De retour en France, le 16 juin, de Gaulle apprend que Paul Reynaud a démissionné. Il est remplacé par Pétain. Ce même jour eut lieu à Bordeaux le passage des pleins pouvoirs au Maréchal et la formation du nouveau gouvernement : De Gaulle n'en fait pas partie ; il n'est plus sous-secrétaire d'Etat. Le Maréchal n’avait pas voulu de lui. Il connaissait trop bien l’homme et son orgueil démesuré pour lui confier un poste dans son nouveau gouvernement. Déçu, dépité, vexé, il s’exclamera avec force colère : « C'est bon, ils ne veulent pas de moi ! Dans ces conditions, je fous le camp à Londres ! » Propos rapportés par Alfred Fabre Luce, dans son livre : « Le plus illustre des Français », (Ed. Julliard). Jamais de Gaulle ne devrait oublier cet affront !

          Le 17 juin, il repart à Londres avec Edward Louis Speirs, envoyé spécial de Churchill, qui n'a pas réussi à convaincre Reynaud et Mandel de rejoindre Londres. Il s’agit là d’un point très important car si de Gaulle s’était vu confier un poste ministériel ou même sa reconduction comme sous-secrétaire d'Etat, il serait resté à Bordeaux et aurait fait partie du premier gouvernement Pétain.

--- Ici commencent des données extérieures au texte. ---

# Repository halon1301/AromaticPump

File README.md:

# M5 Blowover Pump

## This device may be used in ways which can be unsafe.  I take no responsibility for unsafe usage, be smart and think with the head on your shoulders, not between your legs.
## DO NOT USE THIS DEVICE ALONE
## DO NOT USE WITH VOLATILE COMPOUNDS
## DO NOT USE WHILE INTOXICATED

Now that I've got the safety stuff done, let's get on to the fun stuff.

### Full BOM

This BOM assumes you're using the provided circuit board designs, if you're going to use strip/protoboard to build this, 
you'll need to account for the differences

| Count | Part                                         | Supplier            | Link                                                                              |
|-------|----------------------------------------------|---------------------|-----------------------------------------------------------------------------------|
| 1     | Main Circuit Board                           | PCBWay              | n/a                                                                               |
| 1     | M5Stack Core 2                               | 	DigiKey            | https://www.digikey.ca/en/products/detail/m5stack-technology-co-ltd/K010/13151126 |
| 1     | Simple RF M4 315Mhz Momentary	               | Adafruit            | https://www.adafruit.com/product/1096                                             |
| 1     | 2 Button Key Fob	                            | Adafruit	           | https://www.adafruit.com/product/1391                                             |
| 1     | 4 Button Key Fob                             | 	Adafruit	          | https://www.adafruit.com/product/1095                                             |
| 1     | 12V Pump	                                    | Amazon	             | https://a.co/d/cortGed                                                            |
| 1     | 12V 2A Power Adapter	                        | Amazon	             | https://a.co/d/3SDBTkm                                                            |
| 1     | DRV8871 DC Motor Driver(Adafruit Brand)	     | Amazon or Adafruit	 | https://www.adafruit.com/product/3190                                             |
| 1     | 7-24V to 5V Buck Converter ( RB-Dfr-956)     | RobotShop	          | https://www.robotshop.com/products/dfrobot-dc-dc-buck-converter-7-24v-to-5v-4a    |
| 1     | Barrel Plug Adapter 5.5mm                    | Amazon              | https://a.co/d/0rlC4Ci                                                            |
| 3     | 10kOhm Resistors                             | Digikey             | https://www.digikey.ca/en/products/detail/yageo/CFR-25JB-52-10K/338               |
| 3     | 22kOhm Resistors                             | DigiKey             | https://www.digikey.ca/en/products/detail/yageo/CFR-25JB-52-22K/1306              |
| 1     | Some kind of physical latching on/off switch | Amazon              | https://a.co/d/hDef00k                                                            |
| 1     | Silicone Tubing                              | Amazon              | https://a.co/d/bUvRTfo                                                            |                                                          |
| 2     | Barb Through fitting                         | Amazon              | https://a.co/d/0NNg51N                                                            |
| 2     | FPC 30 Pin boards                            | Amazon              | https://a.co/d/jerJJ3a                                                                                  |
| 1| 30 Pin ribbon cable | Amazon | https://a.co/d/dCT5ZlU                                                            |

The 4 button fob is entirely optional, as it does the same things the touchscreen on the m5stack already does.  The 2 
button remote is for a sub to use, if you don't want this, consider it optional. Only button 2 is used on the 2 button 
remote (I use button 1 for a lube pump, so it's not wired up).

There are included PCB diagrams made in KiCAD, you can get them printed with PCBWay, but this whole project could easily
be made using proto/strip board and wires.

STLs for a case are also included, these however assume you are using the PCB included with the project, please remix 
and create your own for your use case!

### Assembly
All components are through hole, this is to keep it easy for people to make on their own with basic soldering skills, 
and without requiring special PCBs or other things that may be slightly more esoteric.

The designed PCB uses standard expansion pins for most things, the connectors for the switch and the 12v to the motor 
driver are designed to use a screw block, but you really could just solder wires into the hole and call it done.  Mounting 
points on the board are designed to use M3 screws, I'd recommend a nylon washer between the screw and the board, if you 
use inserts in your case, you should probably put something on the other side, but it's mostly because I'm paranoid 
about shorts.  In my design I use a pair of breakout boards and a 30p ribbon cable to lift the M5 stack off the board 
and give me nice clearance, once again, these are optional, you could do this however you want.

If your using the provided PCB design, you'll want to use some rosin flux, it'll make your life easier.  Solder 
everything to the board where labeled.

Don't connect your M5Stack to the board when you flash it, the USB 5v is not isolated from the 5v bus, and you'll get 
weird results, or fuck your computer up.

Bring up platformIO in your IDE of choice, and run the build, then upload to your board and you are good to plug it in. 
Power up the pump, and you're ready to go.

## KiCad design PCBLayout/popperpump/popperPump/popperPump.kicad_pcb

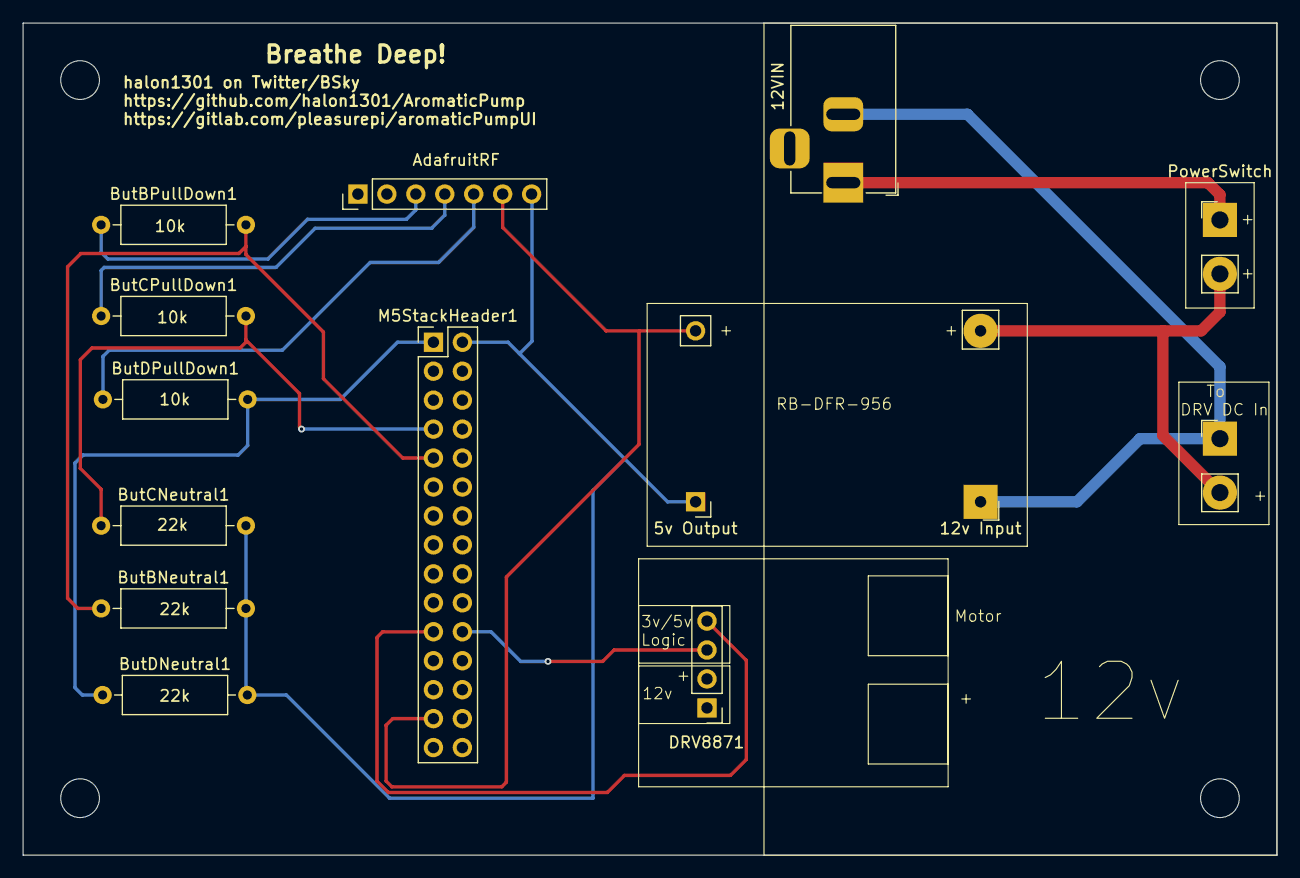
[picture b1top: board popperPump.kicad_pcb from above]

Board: 2 copper layers, 110.0 x 73.0 mm, 14 parts (0 on the bottom side), 10 nets.

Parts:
5v Output: RB-Dfr-956-5vout; PinHeader_1x02_P2.54mm_Vertical-BuckConverter-DFR-956
12VIN: Barrel_Jack; BarrelJack_Horizontal
12v Input: RB-Dfr-956-12vin; PinHeader_1x02_P2.54mm_Vertical-BuckConverter-DFR-956
AdafruitRF: Adafruit-1096; PinHeader_1x07_P2.54mm_Vertical
ButBNeutral1: 22k; R_Axial_DIN0309_L9.0mm_D3.2mm_P12.70mm_Horizontal
ButBPullDown1: 10k; R_Axial_DIN0309_L9.0mm_D3.2mm_P12.70mm_Horizontal
ButCNeutral1: 22k; R_Axial_DIN0309_L9.0mm_D3.2mm_P12.70mm_Horizontal
ButCPullDown1: 10k; R_Axial_DIN0309_L9.0mm_D3.2mm_P12.70mm_Horizontal
ButDNeutral1: 22k; R_Axial_DIN0309_L9.0mm_D3.2mm_P12.70mm_Horizontal
ButDPullDown1: 10k; R_Axial_DIN0309_L9.0mm_D3.2mm_P12.70mm_Horizontal
DRV1: DRV8871-VIN-12v; PinHeader_1x02_ForScrewBlock-1.5mmHole
DRV8871: DRV8871; PinHeader_1x04_P2.54mm_Vertical
M5StackHeader1: M5StackGPIO; PinHeader_2x15_P2.54mm_Vertical
PowerSwitch: SW_SPDT; PinHeader_1x02_ForScrewBlock-1.5mmHole

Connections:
GND: 5v Output.1, 12VIN.2, 12v Input.1, AdafruitRF.7, ButBNeutral1.2, ButCNeutral1.2, ButDNeutral1.2, DRV1.1, M5StackHeader1.2
unnamed: AdafruitRF.3, ButBPullDown1.1
unnamed: AdafruitRF.4, ButCPullDown1.1
unnamed: AdafruitRF.5, ButDPullDown1.1
unnamed: DRV8871.3, M5StackHeader1.22
unnamed: DRV8871.4, M5StackHeader1.21
unnamed: ButDNeutral1.1, ButDPullDown1.2, M5StackHeader1.1
unnamed: ButCNeutral1.1, ButCPullDown1.2, M5StackHeader1.7
unnamed: ButBNeutral1.1, ButBPullDown1.2, M5StackHeader1.9
VCC: 5v Output.2, 12VIN.1, 12v Input.2, AdafruitRF.6, M5StackHeader1.27, PowerSwitch.1 (A), PowerSwitch.2 (B)

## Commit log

2024-04-28 Adding Basic UI Elements and controls
    Adds in all the UI elements and controls for basic functionality.
2024-04-28 Working basic functionality
    On/off functions, no +10s yet.
2024-05-01 Cleanup and Remote
2024-05-02 Adds basic remote functionality
2024-05-02 Working +10s button
    NO SAFETY INTERLOCK
2024-05-05 Update Libraries
    Update lvgl to 9.0.0 and M5Unified
    Update of BOM
2024-05-06 typos
2024-05-08 Broken Commit
    This current update will not work.
    But, I'm changing my approach with the +10s idea, I think using buttons c/d on the remote and building a flow rate up/down feature is more useful than adding time.
    There's still going to be a 200s in 300s limit, or something like that, but on/off can take care of that.
2024-06-02 Big Update
    This covers all the pending changes, and pretty much solidifies v1.0 of the project.
    It is still missing all of the safety bits to take care of max run time, and x in x.
2024-06-11 2 Fixes
    - Fix the PCB layout, one of the pins was placed wrong :facepalm:
    - Remove the timing limits (coming later)
    - Update GPIO pin layout for buttons, because I'm dumb
2024-06-12 Add in a disclaimer screen
    Create an un-skippable safety disclaimer.
2024-06-15 Remove the i2c library
    I don't know how this got in here, I'm not using i2c on this project...
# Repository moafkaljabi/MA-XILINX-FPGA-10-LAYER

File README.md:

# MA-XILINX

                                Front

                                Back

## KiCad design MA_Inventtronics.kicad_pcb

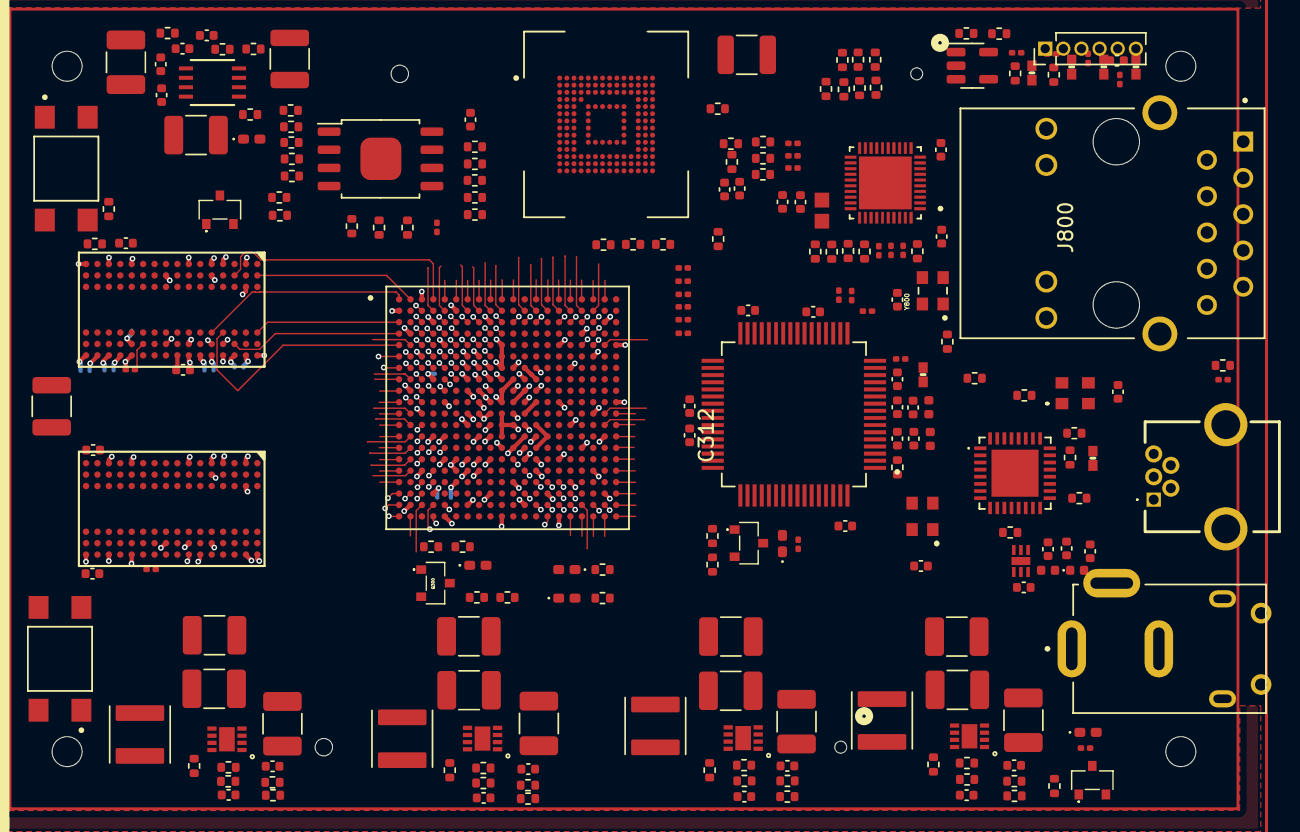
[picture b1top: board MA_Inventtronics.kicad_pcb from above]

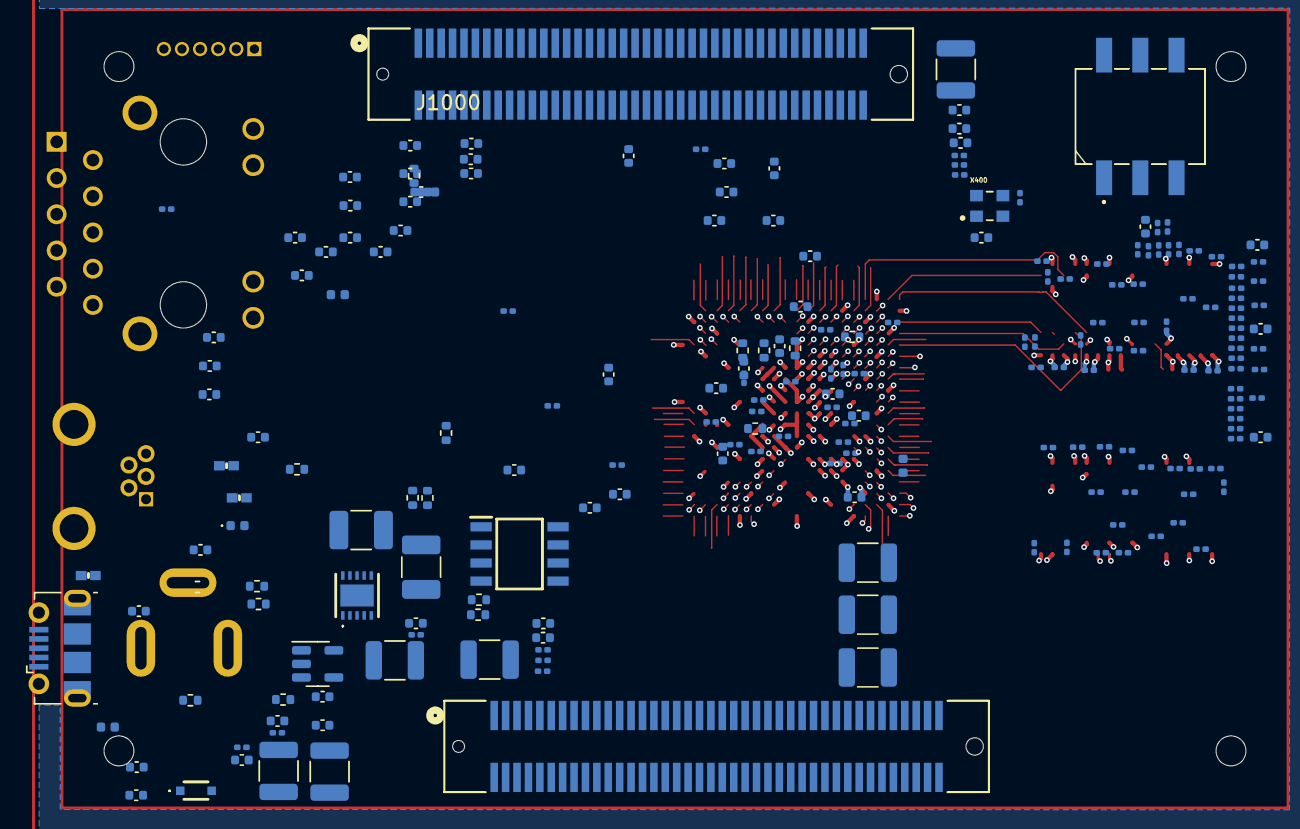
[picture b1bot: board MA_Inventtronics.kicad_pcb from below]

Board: 10 copper layers, 429 parts (207 on the bottom side), 351 nets.

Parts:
C100, C103, C104, C107, C108, C109, C112, C113, C114, C117, C118, C119, C122, C123, C124, C127: 22u; C_1210_3225Metric_Pad1.33x2.70mm_HandSolder
C101, C102, C105, C110, C115, C120, C300, C304, C306, C307, C308, C309, C310, C311, C312, C313, C314, C316, C318, C400, C401, C402, C403, C404, C405, C406, C407, C409, C412, C801, C802, C803, C804, C805, C806, C807, C808, C810, C811, C813, C815, C817, C818, C900, C901, C902, C903, C904, C905, C906, C908: 100n; C_0402_1005Metric
C106, C111, C116, C121: 22p; C_0402_1005Metric
C125, C126, C128, C129, C201, C205, C210, C213, C216, C220, C223, C229, C232, C237, C239, C244, C246, C301, C302, C303, C305, C315, C408, C410, C411, C413, C608, C609, C610, C611, C702, C712, C724, C734, C800, C809, C812, C814, C816, C819, C907: 4u7; C_0402_1005Metric
C130: 1n; C_0201_0603Metric
C200, C204, C209, C212, C221, C224, C230, C233, C234, C235, C248: 100u; C_1210_3225Metric
C202, C203, C206, C207, C208, C211, C214, C215, C217, C218, C219, C222, C225, C226, C228, C231, C238, C240, C241, C242, C243, C245, C247, C604, C605, C606, C607, C703, C713, C725, C735: 470n; C_0201_0603Metric
C227, C236: 470n; C_0402_1005Metric
C600, C601, C602, C603, C612, C613, C700, C701, C704, C705, C706, C707, C708, C709, C710, C711, C714, C715, C716, C717, C718, C719, C720, C721, C722, C723, C726, C727, C728, C729, C730, C731, C732, C733, C736, C737, C738, C739, C740, C741, C742, C743: 47n; C_0201_0603Metric
D100: PMEG1030EJ; PMEG1030EJ115
D101: LED; LED_0402_1005Metric_Pad0.77x0.64mm_HandSolder
D300, D308, D309: LED_G; LED_0402_1005Metric_Pad0.77x0.64mm_HandSolder
D301, D302, D303, D304, D306, D307, D900, D901, D902: CG0402MLU-3.3G; VARC1005X41N
D305, D903: PMEG1030EJ; D_0402_1005Metric
D400: D400; LED_0402_1005Metric_Pad0.77x0.64mm_HandSolder
D500: GREEN; LED_0402_1005Metric_Pad0.77x0.64mm_HandSolder
FB200, FB300, FB301, FB302, FB800, FB801, FB900: 120R; L_0402_1005Metric
H901, H902, H903, H904: MountingHole; MountingHole_2.1mm
J100: Barrel_Jack_Switch; GRAVITECH_CON-SOCJ-2155
J302: USB_B_Micro; USB_Micro-B_Molex-105017-0001
J304: PinHeader_1x06_P1.27mm_Vertical
J800: HR911130A; HANRUN_HR911130A
J900: GMSB0522132EU
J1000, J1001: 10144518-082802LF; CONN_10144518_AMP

Quelle aurait été sa véritable conduite dans la suite des évènements ? Cela nous ne le saurons jamais.

            Quand il quitte Bordeaux à destination de Londres, la guerre n’est pas finie puisque l’armistice est du 24 juin. Alors, pourquoi est-il parti en Angleterre ?

            A son arrivée à Londres, il adressa un télégramme au Ministre de la Guerre à Bordeaux : « Suis à Londres. Ai négocié avec le Ministre de la Guerre britannique, sur instruction de monsieur Paul Reynaud, au sujet des points suivants… » (Il s’agissait des matériels d’armement remis aux alliés par les Etats-Unis et du sort des prisonniers allemands actuellement en France).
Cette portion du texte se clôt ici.